• **WHAT TO PRODUCE**
For each line below that holds "mxGraphModel", return the line as it stands.

----- ENTRIES PROVIDED

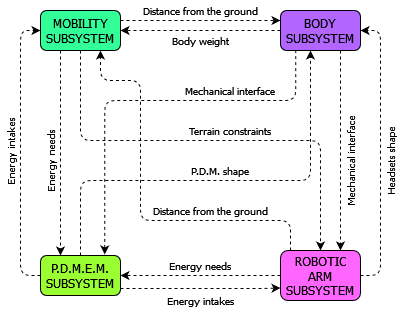

The diagram above was exported from draw.io. Its source (the exported page's mxGraphModel, read from the mxfile embedded in the PNG):
<mxGraphModel dx="1368" dy="794" grid="1" gridSize="10" guides="1" tooltips="1" connect="1" arrows="1" fold="1" page="1" pageScale="1" pageWidth="850" pageHeight="1100" math="0" shadow="0">
  <root>
    <mxCell id="0" />
    <mxCell id="1" parent="0" />
    <mxCell id="Cu2Ia4bixzbhLEkdR6Hr-48" style="edgeStyle=orthogonalEdgeStyle;rounded=1;orthogonalLoop=1;jettySize=auto;html=1;entryX=0.25;entryY=0;entryDx=0;entryDy=0;dashed=1;" parent="1" source="Cu2Ia4bixzbhLEkdR6Hr-33" target="Cu2Ia4bixzbhLEkdR6Hr-35" edge="1">
      <mxGeometry relative="1" as="geometry">
        <Array as="points">
          <mxPoint x="140" y="330" />
          <mxPoint x="140" y="330" />
        </Array>
      </mxGeometry>
    </mxCell>
    <mxCell id="Cu2Ia4bixzbhLEkdR6Hr-50" style="edgeStyle=orthogonalEdgeStyle;rounded=1;orthogonalLoop=1;jettySize=auto;html=1;entryX=0;entryY=0.25;entryDx=0;entryDy=0;dashed=1;" parent="1" source="Cu2Ia4bixzbhLEkdR6Hr-33" target="Cu2Ia4bixzbhLEkdR6Hr-34" edge="1">
      <mxGeometry relative="1" as="geometry">
        <Array as="points">
          <mxPoint x="300" y="130" />
          <mxPoint x="300" y="130" />
        </Array>
      </mxGeometry>
    </mxCell>
    <mxCell id="Cu2Ia4bixzbhLEkdR6Hr-57" style="edgeStyle=orthogonalEdgeStyle;rounded=1;orthogonalLoop=1;jettySize=auto;html=1;entryX=0.5;entryY=0;entryDx=0;entryDy=0;dashed=1;" parent="1" source="Cu2Ia4bixzbhLEkdR6Hr-33" target="Cu2Ia4bixzbhLEkdR6Hr-36" edge="1">
      <mxGeometry relative="1" as="geometry">
        <Array as="points">
          <mxPoint x="160" y="250" />
          <mxPoint x="400" y="250" />
        </Array>
      </mxGeometry>
    </mxCell>
    <mxCell id="Cu2Ia4bixzbhLEkdR6Hr-33" value="MOBILITY SUBSYSTEM" style="rounded=1;whiteSpace=wrap;html=1;fontFamily=Tahoma;fillColor=#33FF99;" parent="1" vertex="1">
      <mxGeometry x="120" y="120" width="80" height="40" as="geometry" />
    </mxCell>
    <mxCell id="Cu2Ia4bixzbhLEkdR6Hr-51" style="edgeStyle=orthogonalEdgeStyle;rounded=1;orthogonalLoop=1;jettySize=auto;html=1;entryX=1;entryY=0.5;entryDx=0;entryDy=0;dashed=1;" parent="1" source="Cu2Ia4bixzbhLEkdR6Hr-34" target="Cu2Ia4bixzbhLEkdR6Hr-33" edge="1">
      <mxGeometry relative="1" as="geometry">
        <Array as="points">
          <mxPoint x="320" y="140" />
          <mxPoint x="320" y="140" />
        </Array>
      </mxGeometry>
    </mxCell>
    <mxCell id="Cu2Ia4bixzbhLEkdR6Hr-52" style="edgeStyle=orthogonalEdgeStyle;rounded=1;orthogonalLoop=1;jettySize=auto;html=1;entryX=0.75;entryY=0;entryDx=0;entryDy=0;dashed=1;" parent="1" source="Cu2Ia4bixzbhLEkdR6Hr-34" target="Cu2Ia4bixzbhLEkdR6Hr-36" edge="1">
      <mxGeometry relative="1" as="geometry">
        <Array as="points">
          <mxPoint x="420" y="300" />
          <mxPoint x="420" y="300" />
        </Array>
      </mxGeometry>
    </mxCell>
    <mxCell id="Cu2Ia4bixzbhLEkdR6Hr-61" style="edgeStyle=orthogonalEdgeStyle;rounded=1;orthogonalLoop=1;jettySize=auto;html=1;entryX=0.803;entryY=-0.027;entryDx=0;entryDy=0;exitX=0.19;exitY=0.99;exitDx=0;exitDy=0;dashed=1;exitPerimeter=0;entryPerimeter=0;" parent="1" source="Cu2Ia4bixzbhLEkdR6Hr-34" target="Cu2Ia4bixzbhLEkdR6Hr-35" edge="1">
      <mxGeometry relative="1" as="geometry">
        <mxPoint x="375.2" y="163.53999999999996" as="sourcePoint" />
        <mxPoint x="184.8" y="367.5" as="targetPoint" />
        <Array as="points">
          <mxPoint x="375" y="210" />
          <mxPoint x="184" y="210" />
        </Array>
      </mxGeometry>
    </mxCell>
    <mxCell id="Cu2Ia4bixzbhLEkdR6Hr-34" value="BODY SUBSYSTEM" style="rounded=1;whiteSpace=wrap;html=1;fontFamily=Tahoma;fillColor=#B266FF;" parent="1" vertex="1">
      <mxGeometry x="360" y="120" width="80" height="40" as="geometry" />
    </mxCell>
    <mxCell id="Cu2Ia4bixzbhLEkdR6Hr-49" style="edgeStyle=orthogonalEdgeStyle;rounded=1;orthogonalLoop=1;jettySize=auto;html=1;entryX=0;entryY=0.5;entryDx=0;entryDy=0;dashed=1;" parent="1" source="Cu2Ia4bixzbhLEkdR6Hr-35" target="Cu2Ia4bixzbhLEkdR6Hr-33" edge="1">
      <mxGeometry relative="1" as="geometry">
        <Array as="points">
          <mxPoint x="100" y="385" />
          <mxPoint x="100" y="140" />
        </Array>
      </mxGeometry>
    </mxCell>
    <mxCell id="Cu2Ia4bixzbhLEkdR6Hr-55" style="edgeStyle=orthogonalEdgeStyle;rounded=1;orthogonalLoop=1;jettySize=auto;html=1;entryX=0;entryY=0.75;entryDx=0;entryDy=0;dashed=1;" parent="1" source="Cu2Ia4bixzbhLEkdR6Hr-35" target="Cu2Ia4bixzbhLEkdR6Hr-36" edge="1">
      <mxGeometry relative="1" as="geometry">
        <Array as="points">
          <mxPoint x="340" y="398" />
          <mxPoint x="340" y="398" />
        </Array>
      </mxGeometry>
    </mxCell>
    <mxCell id="Cu2Ia4bixzbhLEkdR6Hr-60" style="edgeStyle=orthogonalEdgeStyle;rounded=1;orthogonalLoop=1;jettySize=auto;html=1;dashed=1;" parent="1" source="Cu2Ia4bixzbhLEkdR6Hr-35" edge="1">
      <mxGeometry relative="1" as="geometry">
        <mxPoint x="390" y="160" as="targetPoint" />
        <Array as="points">
          <mxPoint x="160" y="290" />
          <mxPoint x="390" y="290" />
        </Array>
      </mxGeometry>
    </mxCell>
    <mxCell id="Cu2Ia4bixzbhLEkdR6Hr-35" value="P.D.M.E.M. SUBSYSTEM" style="rounded=1;whiteSpace=wrap;html=1;fontFamily=Tahoma;fillColor=#99FF33;" parent="1" vertex="1">
      <mxGeometry x="120" y="365" width="80" height="40" as="geometry" />
    </mxCell>
    <mxCell id="Cu2Ia4bixzbhLEkdR6Hr-53" style="edgeStyle=orthogonalEdgeStyle;rounded=1;orthogonalLoop=1;jettySize=auto;html=1;entryX=1;entryY=0.5;entryDx=0;entryDy=0;dashed=1;" parent="1" source="Cu2Ia4bixzbhLEkdR6Hr-36" target="Cu2Ia4bixzbhLEkdR6Hr-34" edge="1">
      <mxGeometry relative="1" as="geometry">
        <Array as="points">
          <mxPoint x="460" y="385" />
          <mxPoint x="460" y="140" />
        </Array>
      </mxGeometry>
    </mxCell>
    <mxCell id="Cu2Ia4bixzbhLEkdR6Hr-54" style="edgeStyle=orthogonalEdgeStyle;rounded=1;orthogonalLoop=1;jettySize=auto;html=1;entryX=1;entryY=0.5;entryDx=0;entryDy=0;dashed=1;" parent="1" source="Cu2Ia4bixzbhLEkdR6Hr-36" target="Cu2Ia4bixzbhLEkdR6Hr-35" edge="1">
      <mxGeometry relative="1" as="geometry">
        <Array as="points">
          <mxPoint x="290" y="385" />
          <mxPoint x="290" y="385" />
        </Array>
      </mxGeometry>
    </mxCell>
    <mxCell id="Cu2Ia4bixzbhLEkdR6Hr-59" style="edgeStyle=orthogonalEdgeStyle;rounded=1;orthogonalLoop=1;jettySize=auto;html=1;entryX=0.75;entryY=1;entryDx=0;entryDy=0;dashed=1;" parent="1" source="Cu2Ia4bixzbhLEkdR6Hr-36" target="Cu2Ia4bixzbhLEkdR6Hr-33" edge="1">
      <mxGeometry relative="1" as="geometry">
        <Array as="points">
          <mxPoint x="370" y="330" />
          <mxPoint x="220" y="330" />
          <mxPoint x="220" y="190" />
          <mxPoint x="180" y="190" />
        </Array>
      </mxGeometry>
    </mxCell>
    <mxCell id="Cu2Ia4bixzbhLEkdR6Hr-36" value="ROBOTIC ARM SUBSYSTEM" style="rounded=1;whiteSpace=wrap;html=1;fontFamily=Tahoma;fillColor=#FF66FF;" parent="1" vertex="1">
      <mxGeometry x="360" y="360" width="80" height="50" as="geometry" />
    </mxCell>
    <mxCell id="Cu2Ia4bixzbhLEkdR6Hr-64" value="Distance from the ground" style="text;html=1;strokeColor=none;fillColor=none;align=center;verticalAlign=middle;whiteSpace=wrap;rounded=0;fontFamily=Tahoma;fontSize=10;" parent="1" vertex="1">
      <mxGeometry x="220" y="110" width="120" height="20" as="geometry" />
    </mxCell>
    <mxCell id="Cu2Ia4bixzbhLEkdR6Hr-65" value="Body weight" style="text;html=1;strokeColor=none;fillColor=none;align=center;verticalAlign=middle;whiteSpace=wrap;rounded=0;fontFamily=Tahoma;fontSize=10;" parent="1" vertex="1">
      <mxGeometry x="220" y="140" width="120" height="20" as="geometry" />
    </mxCell>
    <mxCell id="Cu2Ia4bixzbhLEkdR6Hr-66" value="Energy needs" style="text;html=1;strokeColor=none;fillColor=none;align=center;verticalAlign=middle;whiteSpace=wrap;rounded=0;fontFamily=Tahoma;fontSize=10;rotation=0;" parent="1" vertex="1">
      <mxGeometry x="220" y="365" width="120" height="20" as="geometry" />
    </mxCell>
    <mxCell id="Cu2Ia4bixzbhLEkdR6Hr-67" value="Distance from the ground" style="text;html=1;strokeColor=none;fillColor=none;align=center;verticalAlign=middle;whiteSpace=wrap;rounded=0;fontFamily=Tahoma;fontSize=10;" parent="1" vertex="1">
      <mxGeometry x="230" y="310" width="120" height="20" as="geometry" />
    </mxCell>
    <mxCell id="Cu2Ia4bixzbhLEkdR6Hr-68" value="Energy intakes" style="text;html=1;strokeColor=none;fillColor=none;align=center;verticalAlign=middle;whiteSpace=wrap;rounded=0;fontFamily=Tahoma;fontSize=10;rotation=-90;" parent="1" vertex="1">
      <mxGeometry x="30" y="250" width="120" height="20" as="geometry" />
    </mxCell>
    <mxCell id="Cu2Ia4bixzbhLEkdR6Hr-69" value="Energy intakes" style="text;html=1;strokeColor=none;fillColor=none;align=center;verticalAlign=middle;whiteSpace=wrap;rounded=0;fontFamily=Tahoma;fontSize=10;rotation=0;" parent="1" vertex="1">
      <mxGeometry x="220" y="400" width="120" height="20" as="geometry" />
    </mxCell>
    <mxCell id="Cu2Ia4bixzbhLEkdR6Hr-70" value="Energy needs" style="text;html=1;strokeColor=none;fillColor=none;align=center;verticalAlign=middle;whiteSpace=wrap;rounded=0;fontFamily=Tahoma;fontSize=10;rotation=-90;" parent="1" vertex="1">
      <mxGeometry x="70" y="260" width="120" height="20" as="geometry" />
    </mxCell>
    <mxCell id="Cu2Ia4bixzbhLEkdR6Hr-71" value="Mechanical interface" style="text;html=1;strokeColor=none;fillColor=none;align=center;verticalAlign=middle;whiteSpace=wrap;rounded=0;fontFamily=Tahoma;fontSize=10;rotation=-90;" parent="1" vertex="1">
      <mxGeometry x="370" y="260" width="120" height="20" as="geometry" />
    </mxCell>
    <mxCell id="Cu2Ia4bixzbhLEkdR6Hr-72" value="Headsets shape" style="text;html=1;strokeColor=none;fillColor=none;align=center;verticalAlign=middle;whiteSpace=wrap;rounded=0;fontFamily=Tahoma;fontSize=10;rotation=-90;" parent="1" vertex="1">
      <mxGeometry x="410" y="260" width="120" height="20" as="geometry" />
    </mxCell>
    <mxCell id="Cu2Ia4bixzbhLEkdR6Hr-73" value="Terrain constraints" style="text;html=1;strokeColor=none;fillColor=none;align=center;verticalAlign=middle;whiteSpace=wrap;rounded=0;fontFamily=Tahoma;fontSize=10;rotation=0;" parent="1" vertex="1">
      <mxGeometry x="250" y="230" width="120" height="20" as="geometry" />
    </mxCell>
    <mxCell id="Cu2Ia4bixzbhLEkdR6Hr-74" value="P.D.M. shape" style="text;html=1;strokeColor=none;fillColor=none;align=center;verticalAlign=middle;whiteSpace=wrap;rounded=0;fontFamily=Tahoma;fontSize=10;rotation=0;" parent="1" vertex="1">
      <mxGeometry x="240" y="270" width="120" height="20" as="geometry" />
    </mxCell>
    <mxCell id="Cu2Ia4bixzbhLEkdR6Hr-75" value="Mechanical interface" style="text;html=1;strokeColor=none;fillColor=none;align=center;verticalAlign=middle;whiteSpace=wrap;rounded=0;fontFamily=Tahoma;fontSize=10;rotation=0;" parent="1" vertex="1">
      <mxGeometry x="250" y="190" width="120" height="20" as="geometry" />
    </mxCell>
  </root>
</mxGraphModel>

----------

• **SOLUTION TO THE PROBLEM**
The diagram above was exported from draw.io. Its source (the exported page's mxGraphModel, read from the mxfile embedded in the PNG):
<mxGraphModel dx="1368" dy="794" grid="1" gridSize="10" guides="1" tooltips="1" connect="1" arrows="1" fold="1" page="1" pageScale="1" pageWidth="850" pageHeight="1100" math="0" shadow="0">
</mxGraphModel>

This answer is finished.